Now about the treatment and diagnostics of cystic fibrosis in other regions. There is a wonderful center in St. Petersburg. Those brilliant doctors are our partners; they have a very good research base. In a sense, the situation there is even somewhat better than in our hospital: there is a children's department on the basis of a "multifield" hospital for adults. As the children grow, they are just transferred to the adult department of the same hospital. Therefore, the situation in that center is unique for our country: the same doctors work with the same children, and this experience is truly valuable. There are also promising centers in Ekaterinburg, Yaroslavl, and some other cities. However, judging by the parents' words, the general situation with the diagnosis and treatment of cystic fibrosis in provincial regions of Russia is sad. But I don't think we should regard all regional doctors as incompetent. Maybe they just have no money at all. Maybe they have no adequate conditions for their work. And probably the doctors who refuse to treat such children just have insufficient knowledge and experience in our field. In our hospital, there are no problems with specialists and with the research support. Of course, we also have losses, and they are painful but, unfortunately, inevitable. We are glad when specialists from various regions come to us on probation; many of them take great pains to examine children at our department and to study their case histories. There are children with different forms of the disease, and therefore it is totally senseless to study cystic fibrosis only by books and lectures. Each patient requires a special approach, and there are always numerous individual details.

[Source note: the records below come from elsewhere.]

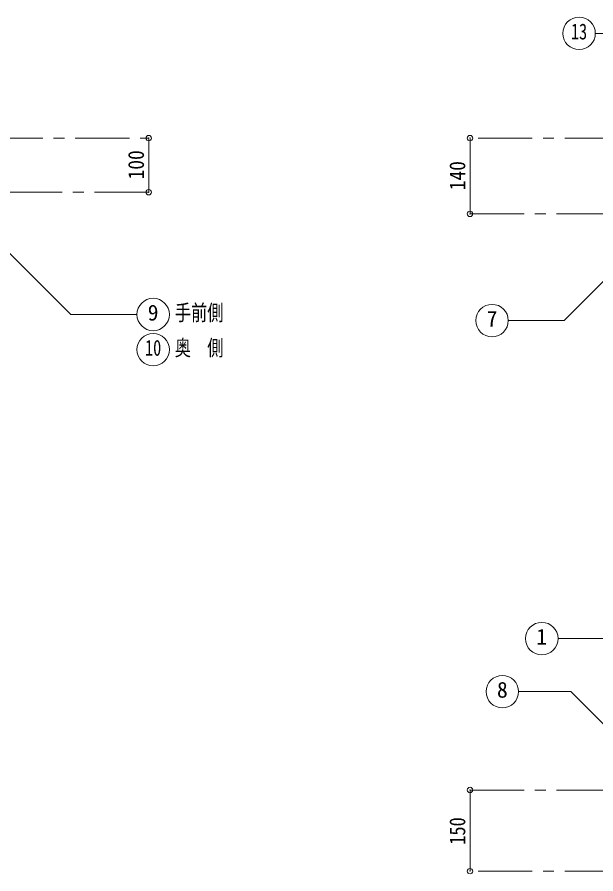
# Model space of a CAD drawing. Units: millimetres at full size, sheet at 1:20. Extents: x -4246 to 3854, y -2716 to 2904.
# Drawn here: x -2586 to -1516, y -1411 to 173 of the extents above; entities that cross this region are included whole.
import ezdxf
from ezdxf.enums import TextEntityAlignment as Align

# ---------------------------------------------------------------- set-up
doc = ezdxf.new("R2010")
doc.units = ezdxf.units.MM
doc.header["$LTSCALE"] = 20
doc.header["$PDMODE"] = 32
doc.header["$PDSIZE"] = 10
doc.linetypes.add('CHAIN1', pattern=[8, 5, -1, 1, -1])
doc.layers.add('0-0', color=4, linetype='Continuous', lineweight=9)
doc.styles.add('ＭＳ ゴシック', font='')
doc.styles.get('ＭＳ ゴシック').set_extended_font_data('MS Gothic')

msp = doc.modelspace()

# ---------------------------------------------------------------- linework, layer by layer
at = {"layer": '0-0', "color": 7, "lineweight": 18}
for p, q in [((-1516.97, 142.53), (-1430.86, 142.53)), ((-2690.35, -173.53), (-2486.73, -377.15)), ((-2486.73, -377.15), (-2364.36, -377.15))]:
    msp.add_line(p, q, dxfattribs=at)
at = {"layer": '0-0', "linetype": 'CHAIN1'}
for p, q in [((-2638.29, -51.17), (-2342.6, -51.17)), ((-1473.6, -51.17), (-1748.6, -51.17)), ((-2342.6, -151.17), (-2772.45, -151.17)), ((-1748.6, -191.17), (-1303.82, -191.17)), ((-1748.6, -1256.17), (-1305.43, -1256.17)), ((-1473.6, -1406.17), (-1748.6, -1406.17))]:
    msp.add_line(p, q, dxfattribs=at)
at = {"layer": '0-0'}
for p, q in [((-2342.6, -51.17), (-2342.6, -151.17)), ((-1748.6, -51.17), (-1748.6, -191.17)), ((-1748.6, -1256.17), (-1748.6, -1406.17))]:
    msp.add_line(p, q, dxfattribs=at)
at = {"layer": '0-0', "color": 7, "lineweight": 18}
for points in [[(-1417.59, -231.28), (-1574.7, -388.39), (-1677.87, -388.39)], [(-1340.26, -839.08), (-1477.45, -976.26), (-1585.96, -976.26)], [(-1418.68, -1217.58), (-1561.96, -1074.29), (-1658.82, -1074.29)]]:
    msp.add_lwpolyline(points, dxfattribs=at)
for centre in [(-1546.97, 142.53), (-2334.36, -377.15), (-1707.87, -388.39), (-2334.36, -442.15), (-1615.96, -976.26), (-1688.82, -1074.29)]:
    msp.add_circle(centre, 30, dxfattribs=at)
at = {"layer": '0-0', "color": 1}
for p in [(-2342.6, -51.17), (-1748.6, -51.17), (-2342.6, -151.17), (-1748.6, -191.17), (-1748.6, -1256.17), (-1748.6, -1406.17)]:
    msp.add_point(p, dxfattribs=at)

# ---------------------------------------------------------------- texts
at = {"layer": '0-0', "color": 7, "style": 'ＭＳ ゴシック', "width": 0.75}
for s, p in [('13', (-1561.97, 122.53)), ('手前側', (-2294.36, -397.15)), ('10', (-2349.36, -462.15)), ('奥\u3000側', (-2294.36, -462.15))]:
    msp.add_text(s, height=29.33, dxfattribs=at).set_placement(p, align=Align.BOTTOM_LEFT)
at = {"layer": '0-0', "color": 7, "style": 'ＭＳ ゴシック'}
for s, width, p in [('100', 0.9, (-2342.6, -127.42)), ('140', 0.9, (-1748.6, -147.42)), ('150', 0.85, (-1748.6, -1357.42))]:
    msp.add_text(s, height=29.33, rotation=90, dxfattribs=dict(at, width=width)).set_placement(p, align=Align.BOTTOM_LEFT)
for s, p in [('9', (-2344.36, -397.15)), ('7', (-1717.87, -408.39)), ('1', (-1625.96, -996.26)), ('8', (-1698.82, -1094.29))]:
    msp.add_text(s, height=29.33, dxfattribs=at).set_placement(p, align=Align.BOTTOM_LEFT)

doc.saveas('drawing.dxf')

Now about our collaboration with foreign colleagues. We have good friendly contacts with the St. Hampton clinic in Great Britain (Dr. P. Rolls), with German clinics, and also with Jean Chevalier, a well-known physical therapist from Belgium, who taught the staff of our research department the methods of breathing exercises for patients with cystic fibrosis. All the members of our staff participated in working visits to foreign coutries and could see how cystic fibrosis is treated abroad. The treatment is good. But actually our treatment is just as good, because the foreign specialists have taught us, and our therapeutic principles are identical to those accepted throughout the world. The only difference is that patients in developed countries receive continuous aid at the federal level; the state ensures uninterrupted supply of medicines and the whole set of vitally important substances. They include enzymes (Creon or Panzytrat), mucolytic drugs for thinning the thick secretory fluids (ACC and Pulmozyme), and modern antibiotics (Fortum, Tazicef, Ciprobay, Meronem, Tienam), because our patients are highly susceptible to infections, such as staphylococcus, Pseudomonas aeruginosa, or internal fungal diseases. Each child must necessarily have an up-to-date compression inhaler. Adequate therapy of a child suffering from cystic fibrosis costs the state about 10,000 USD per year.

If a patient receives the basic federal treatment program throughout his or her life, this child develops quite well during early infancy, gains weight, grows, and the exacerbations may be treated in time. Then the patient is taught how to live with cystic fibrosis, and such people can live to mature age. We treat patients according to the same principles as our Western colleagues, we are capable of doing the same, but unfortunately, in contrast to them, we do not have the same continuous supply of medicines. Only Muscovites are in relatively good situation, because the city government understands our problems and supplies the patients living in Moscow with mucolytics, antibiotics, and enzymes for free. Therefore, our Moscow patients demonstrate better results of functional tests and have better physical development compared to children from other regions.

Cystic fibrosis is a disease whose treatment should be started as early as possible, from the moment the diagnosis is known, and only then it will be successful. We want to treat this disease and can do it, even more so because there are good progress and good opportunities in this treatment. We have highly qualified and reliable staff. People work here for years and do not quit, and I am infinitely grateful to them.